You are sure right about the hoopla. I have received a couple of e-mails today from PC folks I know. The whole net is abuzz with speculation and it's not just we mac loving folk on the band-wagon. These guys are salivating at the specs of the new G5. I know for one of my acquaintances this may tip the scales in Apple's favour for his next machine.


----------



## Dr.G. (Aug 4, 2001)

Imagine if Apple comes out with the PowerMacs (and PowerBooks?) that various people are speculating over, and then, at the conclusion of the presentation of these new computers, states a price that silences the crowd.............a relatively LOW price? Imagine if he gives up profit margins for a year in hopes of gaining market share? From what I have reading for the past couple of years, Mac owners are dedicated to this make of computer (just look at the menu of Mac computers many of you still own and utilize). Thus, in my way of thinking, capture a larger market and then let the innovations in the future keep them "in the family". Granted, a share holder of Apple stock might not think this a wise move, but they have tried just about everything else to gain over more lifelong Mac users to no avail. I am not talking of a few hundred dollars, but some serious savings to go along with a powerful computer. This might make even the dedicated Wintel box buyer think twice. Just my 2 cents worth of advice.


----------



## adagio (Aug 23, 2002)

I've wondered about pricing for these new machines. If Apple is smart they will keep the price low to win over market share but based on past experience it's not likely.

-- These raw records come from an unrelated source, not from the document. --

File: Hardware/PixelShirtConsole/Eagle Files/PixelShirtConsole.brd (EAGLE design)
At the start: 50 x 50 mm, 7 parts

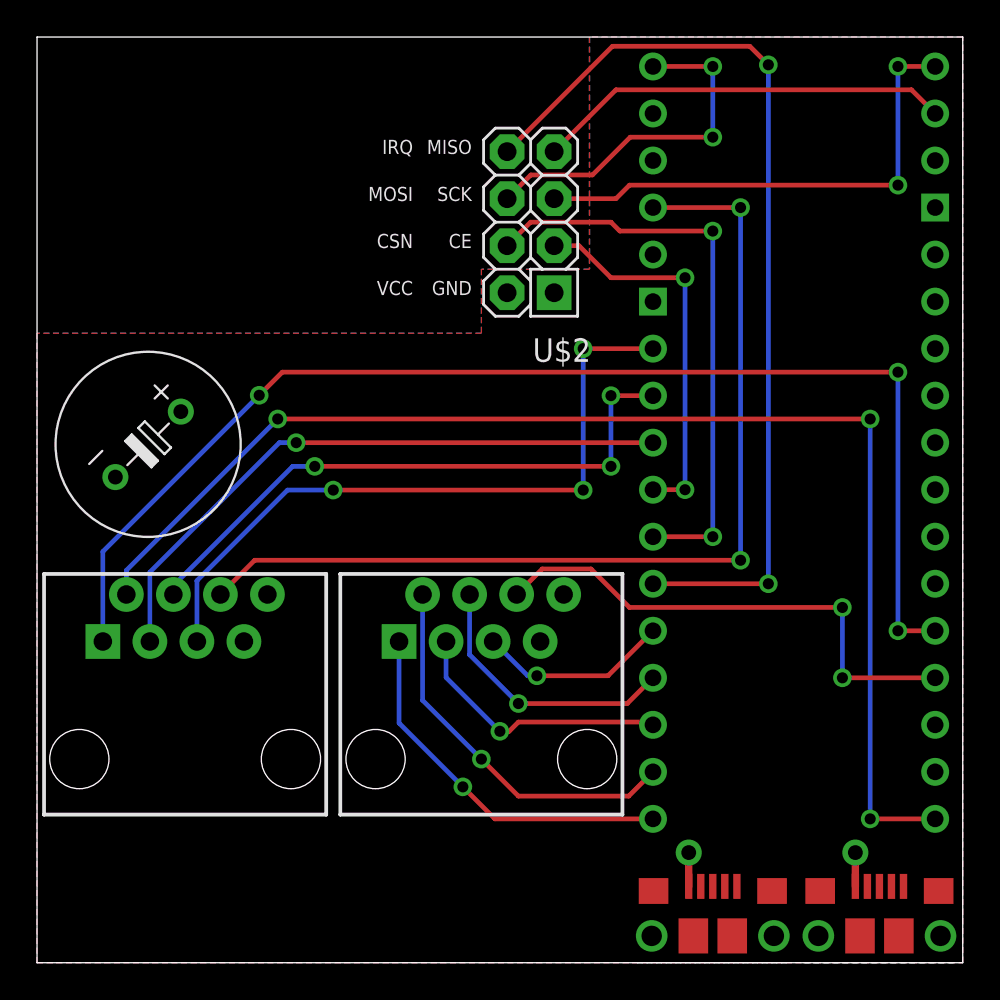
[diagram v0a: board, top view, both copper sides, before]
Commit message: Moved some parts around for clearance Added logo, name Added Gerber files
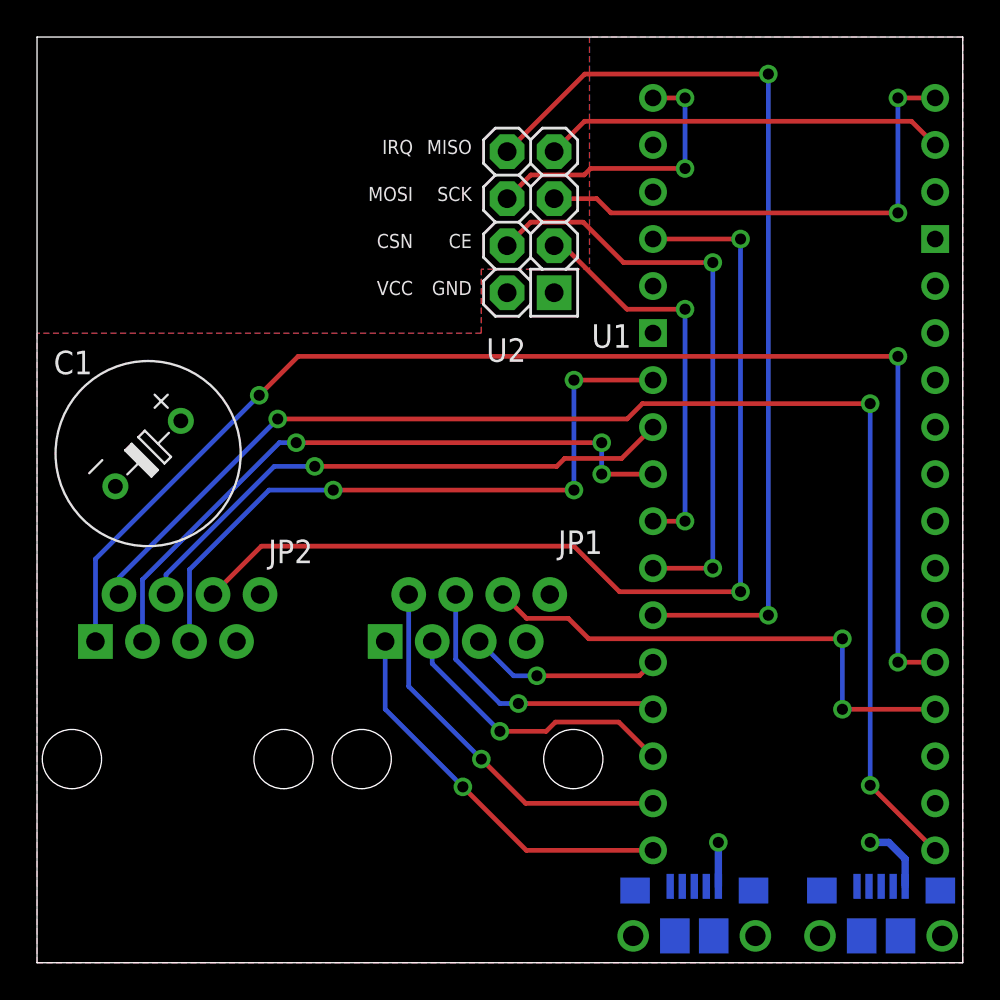
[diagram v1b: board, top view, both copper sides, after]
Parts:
- removed U$1: ARDUINO_MICROFOOTPRINT, arduino-micro:ARDUINO-MICRO
- removed U$3, U$4: USB-MICRO-B, usb:USB-MICRO-B
- added JP3, JP4: USB-MICRO-B, usb:USB-MICRO-B
- added U1: ARDUINO_MICROFOOTPRINT, arduino-micro:ARDUINO-MICRO
- C1: value CAP-CUSTOM -> 1000µF
- moved JP1 0.75 mm to (23.2, 11.0)
- moved C1 0.50 mm to (6.00, 27.5)
- moved JP2 0.40 mm to (7.60, 11.0)
- renumbered U$2 to U2
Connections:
- net GND: now also JP3.GND@1, JP3.GND@2, JP3.GND@3, JP3.GND@5, JP3.GND@6, JP3.GND@7, JP3.GNF@4, JP4.GND@1, JP4.GND@2, JP4.GND@3, JP4.GND@5, JP4.GND@6, JP4.GND@7, JP4.GNF@4, U1.GND, U1.GND1; no longer U$1.GND, U$1.GND1, U$3.GND@1, U$3.GND@2, U$3.GND@3, U$3.GND@5, U$3.GND@6, U$3.GND@7, U$3.GNF@4, U$4.GND@1, U$4.GND@2, U$4.GND@3, U$4.GND@5, U$4.GND@6, U$4.GND@7, U$4.GNF@4
- net N$1: now also U1.MISO; no longer U$1.MISO
- net N$10: now also U1.D12; no longer U$1.D12
- net N$11: now also U1.A0; no longer U$1.A0
- net N$12: now also U1.D8; no longer U$1.D8
- net N$13: now also U1.D2; no longer U$1.D2
- net N$14: now also U1.D3; no longer U$1.D3
- net N$15: now also U1.D4; no longer U$1.D4
- net N$16: now also U1.RX; no longer U$1.RX
- net N$17: now also U1.A1; no longer U$1.A1
- net N$18: now also U1.D13; no longer U$1.D13
- net N$2: now also U1.SCK; no longer U$1.SCK
- net N$3: now also U1.D6; no longer U$1.D6
- net N$4: now also U1.D5; no longer U$1.D5
- net N$5: now also U1.MOSI; no longer U$1.MOSI
- net N$6: now also U1.D7; no longer U$1.D7
- net N$7: now also U1.D11; no longer U$1.D11
- net N$8: now also U1.D10; no longer U$1.D10
- net N$9: now also U1.D9; no longer U$1.D9
- net VCC: now also JP3.VCC@1, JP4.VCC@1, U1.VIN; no longer U$1.VIN, U$3.VCC@1, U$3.VCC@2, U$4.VCC@1, U$4.VCC@2
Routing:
- net VCC: track 0.00 -> 6.12 mm, vias 0 -> 2
- net N$5: track 19.5 -> 15.8 mm
- net N$17: track 67.8 -> 70.9 mm
- net N$14: track 32.9 -> 30.7 mm, vias 3 -> 1
- net N$15: track 33.8 -> 35.7 mm, vias 1 -> 3
- net N$16: track 52.6 -> 54.4 mm
- net N$8: track 14.6 -> 15.6 mm
- net N$10: track 20.3 -> 21.3 mm
- net N$18: track 70.0 -> 71.0 mm
- net N$13: track 37.6 -> 36.6 mm
- net N$3: track 31.6 -> 32.3 mm
- net N$4: track 21.0 -> 21.7 mm
- net N$1: track 22.5 -> 21.8 mm
- added copper zone on layer 16, net GND
- added copper zone on layer 1, net VCC
- removed copper zone on layer 1, net GND
- removed copper zone on layer 16, net VCC
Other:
- board text added: "Adam Feinstein (C) 2015"
- board text added: "Os - 12 O - 11 Gs - 10 U - 9 Us - 8 G - A0 Bs - GND B - VCC"
- board text added: "Os - A1 O - 13 Gs - 4 U - 3 Us - 2 G - 0 Bs - GND B - VCC"

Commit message: Modified pin definitions for new board Fixed schematic issue where the nRF had 5V powering it instead of 3.3V
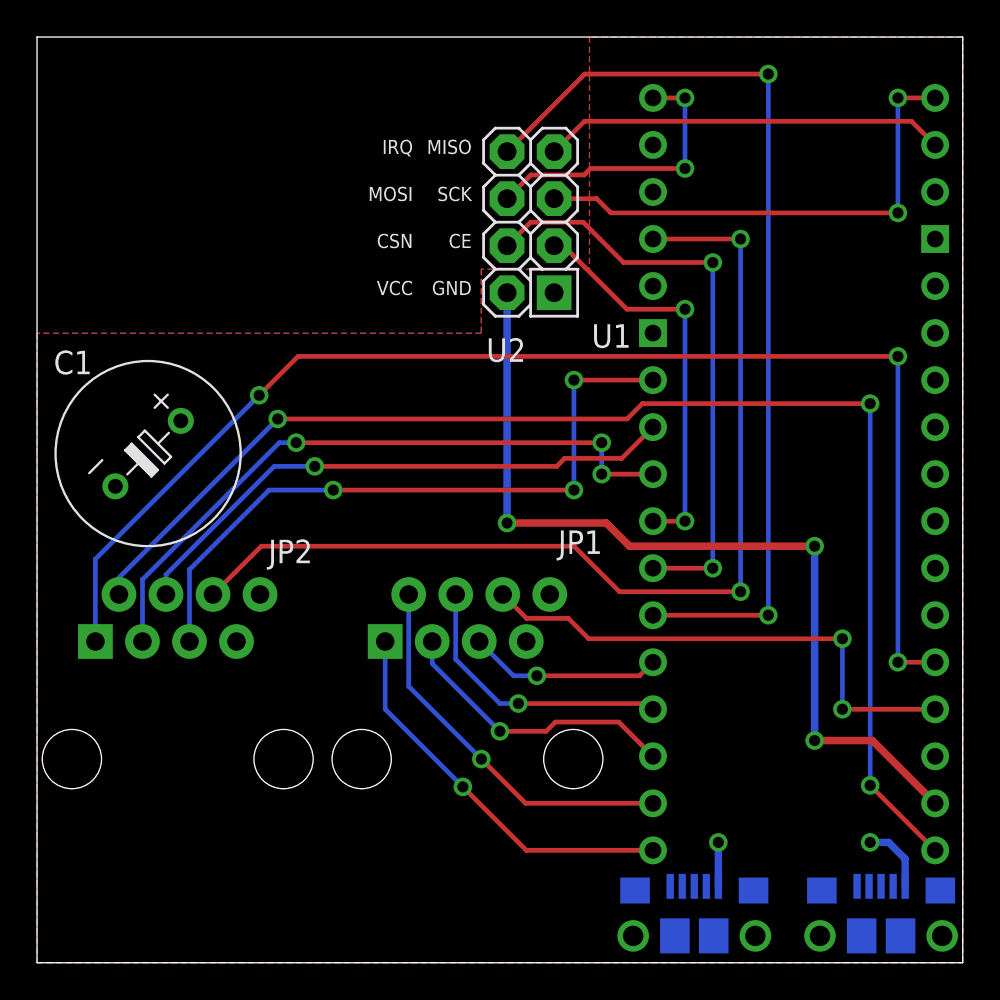
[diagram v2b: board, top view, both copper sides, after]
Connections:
- new net N$19: U1.3V3, U2.VCC
- net VCC: no longer U2.VCC
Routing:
- net N$19: track 0.00 -> 48.0 mm, vias 0 -> 3

I'm wondering about the current stock of G4's. These things will have to go at fire sale prices if this G5 thing holds true.


----------



## Neil Yates (Aug 10, 2001)

Well, Sony proved a thing or two, in this capitalistic world. Sell the PSX, PSOne, PS2 at a LOSS, but charge full price + 20% + royalties on the game titles, the name, the peripherals.

It would be nice if Apple, for once, followed this working initiative, and sold Macintosh computers at cost or elss, and things like iPods, OS titles, software, etc at full 'microsoft' style pricing.. Imagine that...

Hmm. MACrosoft.


----------



## jfpoole (Sep 26, 2002)

I'm not sure Apple could sell Macs at a loss and remain viable. Macs are a lot more expensive than game consoles, so either Apple would have to sell a lot of peripherals or the markup on each peripheral would have to be outrageous. 

Plus, you can do a lot with a Mac "out of the box"; you don't need to purchase additional software in order to make your Mac useful. Game consoles, unless they come with a couple of bundled games, aren't terribly useful unless you go out and buy some games (and in some cases, some extra hardware). 

Oh, for what it's worth, Sony doesn't sell it's consoles at a loss (nor did Nintendo before the GameCube). There's an interesting discussion about that urband legend here.


----------



## Neil Yates (Aug 10, 2001)

Hmmm...

http://www.macmice.com/powerperch.html

and

http://forums.macrumors.com/showthread.php?threadid=30055


----------



## Dr.G. (Aug 4, 2001)

The point I was trying to make was to sell at cost for a year, and then you have people who actually have used a Mac, rather than merely heard that they are great computers. Then, as new Macs keep coming out, this person might even buy additional Macs or replace their old Mac with a new Mac. Nintendo flooded the market and became a household word re electronic game stations.


----------



## Neil Yates (Aug 10, 2001)

http://www.4osx.com/forum/index.php?act=ST&f=1&t=1408

Panther 10.3 screenshots, before they disappear...


----------



## moonsocket (Apr 1, 2002)

sweet neil!! thanks!!!!!!


----------



## monokitty (Jan 26, 2002)

Woot! Saw 'em! Panther looks kick ass!


----------



## PosterBoy (Jan 22, 2002)

I am not sure Apple would be able to sell computers at cost or less, they already lose money on hardware sales every year (last year Apple would have lost money if it wasn't for investment income).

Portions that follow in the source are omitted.